━━ RECORDS PROVIDED ━━

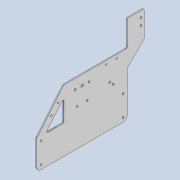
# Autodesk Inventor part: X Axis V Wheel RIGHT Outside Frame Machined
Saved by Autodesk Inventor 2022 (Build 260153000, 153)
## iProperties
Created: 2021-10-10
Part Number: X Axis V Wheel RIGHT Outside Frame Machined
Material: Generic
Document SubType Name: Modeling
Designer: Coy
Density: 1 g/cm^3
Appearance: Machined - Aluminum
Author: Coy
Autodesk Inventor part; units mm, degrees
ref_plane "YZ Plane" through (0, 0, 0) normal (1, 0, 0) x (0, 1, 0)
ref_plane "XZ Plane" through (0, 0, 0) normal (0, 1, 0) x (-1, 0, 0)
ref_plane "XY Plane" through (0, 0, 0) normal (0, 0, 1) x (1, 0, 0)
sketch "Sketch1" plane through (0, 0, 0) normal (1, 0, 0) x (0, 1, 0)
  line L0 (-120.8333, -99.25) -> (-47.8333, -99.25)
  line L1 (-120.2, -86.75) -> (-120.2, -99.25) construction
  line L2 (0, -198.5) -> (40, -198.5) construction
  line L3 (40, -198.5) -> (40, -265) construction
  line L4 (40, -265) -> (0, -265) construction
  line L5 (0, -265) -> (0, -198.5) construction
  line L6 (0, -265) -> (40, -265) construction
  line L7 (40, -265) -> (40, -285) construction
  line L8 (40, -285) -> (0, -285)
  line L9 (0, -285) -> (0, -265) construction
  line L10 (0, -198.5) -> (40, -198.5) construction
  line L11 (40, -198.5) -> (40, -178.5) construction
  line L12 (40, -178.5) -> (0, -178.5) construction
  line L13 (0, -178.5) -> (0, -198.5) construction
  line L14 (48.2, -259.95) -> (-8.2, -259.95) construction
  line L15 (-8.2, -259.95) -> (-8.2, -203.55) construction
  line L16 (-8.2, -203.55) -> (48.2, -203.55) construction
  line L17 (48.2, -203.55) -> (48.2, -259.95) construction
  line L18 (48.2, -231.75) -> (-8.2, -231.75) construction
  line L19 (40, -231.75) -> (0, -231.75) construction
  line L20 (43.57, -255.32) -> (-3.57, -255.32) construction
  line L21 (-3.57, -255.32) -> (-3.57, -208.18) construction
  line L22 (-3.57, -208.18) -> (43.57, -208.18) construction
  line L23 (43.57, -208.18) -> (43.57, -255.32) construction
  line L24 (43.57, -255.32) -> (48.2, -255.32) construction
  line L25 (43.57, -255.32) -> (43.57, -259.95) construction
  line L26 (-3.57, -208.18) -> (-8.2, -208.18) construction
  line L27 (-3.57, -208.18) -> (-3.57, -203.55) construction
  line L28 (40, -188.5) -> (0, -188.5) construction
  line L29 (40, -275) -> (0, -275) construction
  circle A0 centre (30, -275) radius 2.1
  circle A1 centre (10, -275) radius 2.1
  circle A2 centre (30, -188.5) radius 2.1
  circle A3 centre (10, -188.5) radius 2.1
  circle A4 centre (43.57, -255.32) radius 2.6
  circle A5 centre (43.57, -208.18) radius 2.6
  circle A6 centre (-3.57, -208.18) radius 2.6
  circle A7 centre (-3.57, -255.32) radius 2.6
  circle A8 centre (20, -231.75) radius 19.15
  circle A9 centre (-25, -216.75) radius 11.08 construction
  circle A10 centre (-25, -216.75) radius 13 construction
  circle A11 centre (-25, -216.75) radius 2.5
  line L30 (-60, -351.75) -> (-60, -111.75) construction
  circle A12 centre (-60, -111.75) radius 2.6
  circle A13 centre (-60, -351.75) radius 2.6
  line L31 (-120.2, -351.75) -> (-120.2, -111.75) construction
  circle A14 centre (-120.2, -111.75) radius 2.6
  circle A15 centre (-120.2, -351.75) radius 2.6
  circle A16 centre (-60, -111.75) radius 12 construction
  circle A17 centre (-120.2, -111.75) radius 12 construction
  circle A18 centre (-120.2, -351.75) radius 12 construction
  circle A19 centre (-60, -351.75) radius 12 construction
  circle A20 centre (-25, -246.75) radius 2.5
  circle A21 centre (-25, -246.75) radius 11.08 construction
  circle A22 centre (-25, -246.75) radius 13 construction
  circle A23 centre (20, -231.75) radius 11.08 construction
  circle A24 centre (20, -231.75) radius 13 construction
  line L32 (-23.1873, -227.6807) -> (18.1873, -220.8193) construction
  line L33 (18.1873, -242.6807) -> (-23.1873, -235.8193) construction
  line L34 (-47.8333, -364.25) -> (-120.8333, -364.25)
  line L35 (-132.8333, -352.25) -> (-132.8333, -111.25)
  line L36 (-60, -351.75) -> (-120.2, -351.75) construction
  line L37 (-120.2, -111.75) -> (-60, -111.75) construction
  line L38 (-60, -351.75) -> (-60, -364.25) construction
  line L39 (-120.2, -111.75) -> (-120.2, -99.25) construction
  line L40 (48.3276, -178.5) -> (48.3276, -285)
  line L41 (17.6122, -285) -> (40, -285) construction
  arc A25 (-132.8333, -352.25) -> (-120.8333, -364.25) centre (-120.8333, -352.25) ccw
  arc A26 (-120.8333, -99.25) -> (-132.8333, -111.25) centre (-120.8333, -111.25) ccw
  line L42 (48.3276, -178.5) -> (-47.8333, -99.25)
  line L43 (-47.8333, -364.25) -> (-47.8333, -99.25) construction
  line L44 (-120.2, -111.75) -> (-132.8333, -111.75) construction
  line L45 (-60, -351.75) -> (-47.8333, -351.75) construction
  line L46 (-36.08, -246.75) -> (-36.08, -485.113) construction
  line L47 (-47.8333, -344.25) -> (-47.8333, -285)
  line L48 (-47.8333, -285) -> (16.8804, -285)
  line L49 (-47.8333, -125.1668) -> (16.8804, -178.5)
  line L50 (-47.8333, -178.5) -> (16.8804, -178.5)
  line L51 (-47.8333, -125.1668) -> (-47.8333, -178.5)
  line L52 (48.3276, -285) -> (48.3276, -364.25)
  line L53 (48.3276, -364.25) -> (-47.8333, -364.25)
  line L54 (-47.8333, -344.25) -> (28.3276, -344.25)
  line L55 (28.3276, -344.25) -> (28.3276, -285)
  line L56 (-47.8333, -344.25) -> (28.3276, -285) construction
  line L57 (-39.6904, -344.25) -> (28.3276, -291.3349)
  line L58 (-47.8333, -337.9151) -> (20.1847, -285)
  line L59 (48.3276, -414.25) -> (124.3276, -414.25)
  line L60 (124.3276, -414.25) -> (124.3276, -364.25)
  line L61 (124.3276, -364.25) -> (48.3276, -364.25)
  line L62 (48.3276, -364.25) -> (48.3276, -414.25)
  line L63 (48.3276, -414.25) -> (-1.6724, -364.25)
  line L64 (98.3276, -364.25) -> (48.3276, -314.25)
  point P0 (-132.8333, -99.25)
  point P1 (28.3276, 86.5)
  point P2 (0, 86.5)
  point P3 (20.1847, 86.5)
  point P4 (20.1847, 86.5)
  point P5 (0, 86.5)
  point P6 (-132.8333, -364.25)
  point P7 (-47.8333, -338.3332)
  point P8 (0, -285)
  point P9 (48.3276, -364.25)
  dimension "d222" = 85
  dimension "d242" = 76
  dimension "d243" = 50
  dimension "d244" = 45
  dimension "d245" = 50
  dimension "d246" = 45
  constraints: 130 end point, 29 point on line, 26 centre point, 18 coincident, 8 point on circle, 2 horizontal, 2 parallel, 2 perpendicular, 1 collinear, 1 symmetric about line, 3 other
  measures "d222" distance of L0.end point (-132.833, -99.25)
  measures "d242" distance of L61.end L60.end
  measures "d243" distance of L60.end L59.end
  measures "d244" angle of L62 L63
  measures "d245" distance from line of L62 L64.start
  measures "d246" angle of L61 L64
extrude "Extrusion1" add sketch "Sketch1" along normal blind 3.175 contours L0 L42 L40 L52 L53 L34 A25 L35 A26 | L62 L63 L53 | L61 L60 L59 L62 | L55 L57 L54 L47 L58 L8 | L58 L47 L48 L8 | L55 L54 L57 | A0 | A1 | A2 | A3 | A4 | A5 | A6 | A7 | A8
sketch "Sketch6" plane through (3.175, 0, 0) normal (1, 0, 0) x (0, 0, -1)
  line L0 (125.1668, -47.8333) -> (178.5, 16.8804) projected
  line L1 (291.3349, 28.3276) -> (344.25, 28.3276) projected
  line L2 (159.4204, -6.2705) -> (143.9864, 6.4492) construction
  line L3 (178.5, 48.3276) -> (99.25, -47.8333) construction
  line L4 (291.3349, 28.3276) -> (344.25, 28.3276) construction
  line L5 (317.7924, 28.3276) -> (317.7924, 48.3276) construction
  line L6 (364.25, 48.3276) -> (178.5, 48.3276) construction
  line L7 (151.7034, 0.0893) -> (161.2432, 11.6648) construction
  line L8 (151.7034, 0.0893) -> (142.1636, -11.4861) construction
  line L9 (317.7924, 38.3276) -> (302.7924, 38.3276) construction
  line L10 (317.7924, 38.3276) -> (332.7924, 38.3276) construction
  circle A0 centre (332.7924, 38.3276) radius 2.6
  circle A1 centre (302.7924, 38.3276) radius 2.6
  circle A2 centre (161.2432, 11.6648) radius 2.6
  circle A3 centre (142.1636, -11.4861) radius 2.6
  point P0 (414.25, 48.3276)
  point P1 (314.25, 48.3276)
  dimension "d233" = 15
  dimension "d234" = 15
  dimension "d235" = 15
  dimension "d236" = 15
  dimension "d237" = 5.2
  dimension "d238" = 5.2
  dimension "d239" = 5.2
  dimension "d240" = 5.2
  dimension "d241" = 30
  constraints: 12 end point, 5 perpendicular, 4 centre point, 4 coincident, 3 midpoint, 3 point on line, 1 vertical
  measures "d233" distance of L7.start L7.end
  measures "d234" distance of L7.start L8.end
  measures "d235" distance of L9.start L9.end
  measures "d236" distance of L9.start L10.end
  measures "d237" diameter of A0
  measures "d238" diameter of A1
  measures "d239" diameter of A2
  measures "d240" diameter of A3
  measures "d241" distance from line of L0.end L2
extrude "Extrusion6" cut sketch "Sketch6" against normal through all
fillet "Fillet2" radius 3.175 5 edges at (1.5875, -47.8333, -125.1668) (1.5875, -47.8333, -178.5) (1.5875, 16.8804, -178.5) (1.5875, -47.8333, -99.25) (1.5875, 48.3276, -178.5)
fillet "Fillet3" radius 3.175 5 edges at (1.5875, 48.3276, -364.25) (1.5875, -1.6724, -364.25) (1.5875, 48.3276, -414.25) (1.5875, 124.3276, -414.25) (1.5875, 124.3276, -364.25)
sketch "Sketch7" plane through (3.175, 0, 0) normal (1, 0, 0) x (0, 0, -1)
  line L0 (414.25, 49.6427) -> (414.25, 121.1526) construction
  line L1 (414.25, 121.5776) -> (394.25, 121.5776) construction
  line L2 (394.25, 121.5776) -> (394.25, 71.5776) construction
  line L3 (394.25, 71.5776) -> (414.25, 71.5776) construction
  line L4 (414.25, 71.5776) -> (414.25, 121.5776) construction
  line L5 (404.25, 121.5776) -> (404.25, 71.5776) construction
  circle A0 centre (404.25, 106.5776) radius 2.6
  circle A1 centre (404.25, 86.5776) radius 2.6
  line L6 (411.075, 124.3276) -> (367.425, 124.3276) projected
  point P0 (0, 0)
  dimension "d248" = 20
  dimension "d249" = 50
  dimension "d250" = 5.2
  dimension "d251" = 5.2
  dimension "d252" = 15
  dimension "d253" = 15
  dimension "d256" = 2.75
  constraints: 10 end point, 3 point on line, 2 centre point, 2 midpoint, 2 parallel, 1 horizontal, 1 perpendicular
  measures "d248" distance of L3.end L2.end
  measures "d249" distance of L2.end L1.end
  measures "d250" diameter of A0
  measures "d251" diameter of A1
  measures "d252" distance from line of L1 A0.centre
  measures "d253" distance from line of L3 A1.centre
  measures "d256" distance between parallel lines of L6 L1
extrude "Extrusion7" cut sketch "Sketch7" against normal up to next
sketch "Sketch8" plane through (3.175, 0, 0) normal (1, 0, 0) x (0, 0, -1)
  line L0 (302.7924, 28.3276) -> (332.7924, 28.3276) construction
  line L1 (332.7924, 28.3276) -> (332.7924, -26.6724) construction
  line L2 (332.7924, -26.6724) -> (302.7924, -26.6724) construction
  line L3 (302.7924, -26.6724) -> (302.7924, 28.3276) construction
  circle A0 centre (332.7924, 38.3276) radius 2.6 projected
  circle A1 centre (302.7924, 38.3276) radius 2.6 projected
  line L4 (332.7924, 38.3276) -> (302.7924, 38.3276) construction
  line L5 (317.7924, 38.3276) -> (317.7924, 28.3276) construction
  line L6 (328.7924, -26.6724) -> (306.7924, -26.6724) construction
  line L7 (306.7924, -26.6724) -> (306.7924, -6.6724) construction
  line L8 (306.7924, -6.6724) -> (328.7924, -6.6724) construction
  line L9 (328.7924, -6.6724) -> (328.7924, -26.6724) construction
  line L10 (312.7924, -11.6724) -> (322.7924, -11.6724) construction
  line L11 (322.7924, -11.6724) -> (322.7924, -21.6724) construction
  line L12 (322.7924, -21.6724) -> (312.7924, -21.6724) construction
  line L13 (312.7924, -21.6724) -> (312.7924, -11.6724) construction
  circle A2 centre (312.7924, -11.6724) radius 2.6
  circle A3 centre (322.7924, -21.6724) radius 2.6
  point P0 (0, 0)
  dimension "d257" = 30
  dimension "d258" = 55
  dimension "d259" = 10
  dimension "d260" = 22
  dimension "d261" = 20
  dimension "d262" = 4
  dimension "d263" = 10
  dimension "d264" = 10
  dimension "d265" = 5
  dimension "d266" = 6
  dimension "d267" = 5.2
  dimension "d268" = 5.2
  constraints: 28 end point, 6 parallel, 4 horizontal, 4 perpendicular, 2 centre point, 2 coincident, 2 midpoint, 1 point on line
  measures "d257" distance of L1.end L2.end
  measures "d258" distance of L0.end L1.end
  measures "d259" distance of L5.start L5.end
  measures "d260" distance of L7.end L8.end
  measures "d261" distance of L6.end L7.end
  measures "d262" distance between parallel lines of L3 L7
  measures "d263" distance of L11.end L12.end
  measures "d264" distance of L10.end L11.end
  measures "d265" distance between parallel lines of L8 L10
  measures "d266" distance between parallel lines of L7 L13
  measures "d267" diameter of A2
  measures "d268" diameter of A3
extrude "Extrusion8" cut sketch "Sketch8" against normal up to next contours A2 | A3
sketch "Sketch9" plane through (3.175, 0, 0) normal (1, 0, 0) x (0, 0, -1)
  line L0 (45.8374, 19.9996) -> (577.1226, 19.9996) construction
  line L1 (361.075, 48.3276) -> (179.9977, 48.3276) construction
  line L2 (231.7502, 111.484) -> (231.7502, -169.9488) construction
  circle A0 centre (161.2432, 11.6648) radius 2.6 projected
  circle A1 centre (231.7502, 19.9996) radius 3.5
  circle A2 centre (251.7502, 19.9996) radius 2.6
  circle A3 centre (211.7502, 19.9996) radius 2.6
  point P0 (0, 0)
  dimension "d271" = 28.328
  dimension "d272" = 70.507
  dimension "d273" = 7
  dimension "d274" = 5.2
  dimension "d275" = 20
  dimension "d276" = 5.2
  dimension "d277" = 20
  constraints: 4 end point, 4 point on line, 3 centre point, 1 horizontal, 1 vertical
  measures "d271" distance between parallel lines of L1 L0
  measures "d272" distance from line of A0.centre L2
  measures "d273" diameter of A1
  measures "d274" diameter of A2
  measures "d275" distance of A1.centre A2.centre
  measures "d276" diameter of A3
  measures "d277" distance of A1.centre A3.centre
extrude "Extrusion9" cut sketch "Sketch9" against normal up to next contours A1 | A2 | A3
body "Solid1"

━━━

** REQUIRED ACTION **
Above are the records; report how many of their lines hold the string "start", with no other words.

** TASK RESULT **
6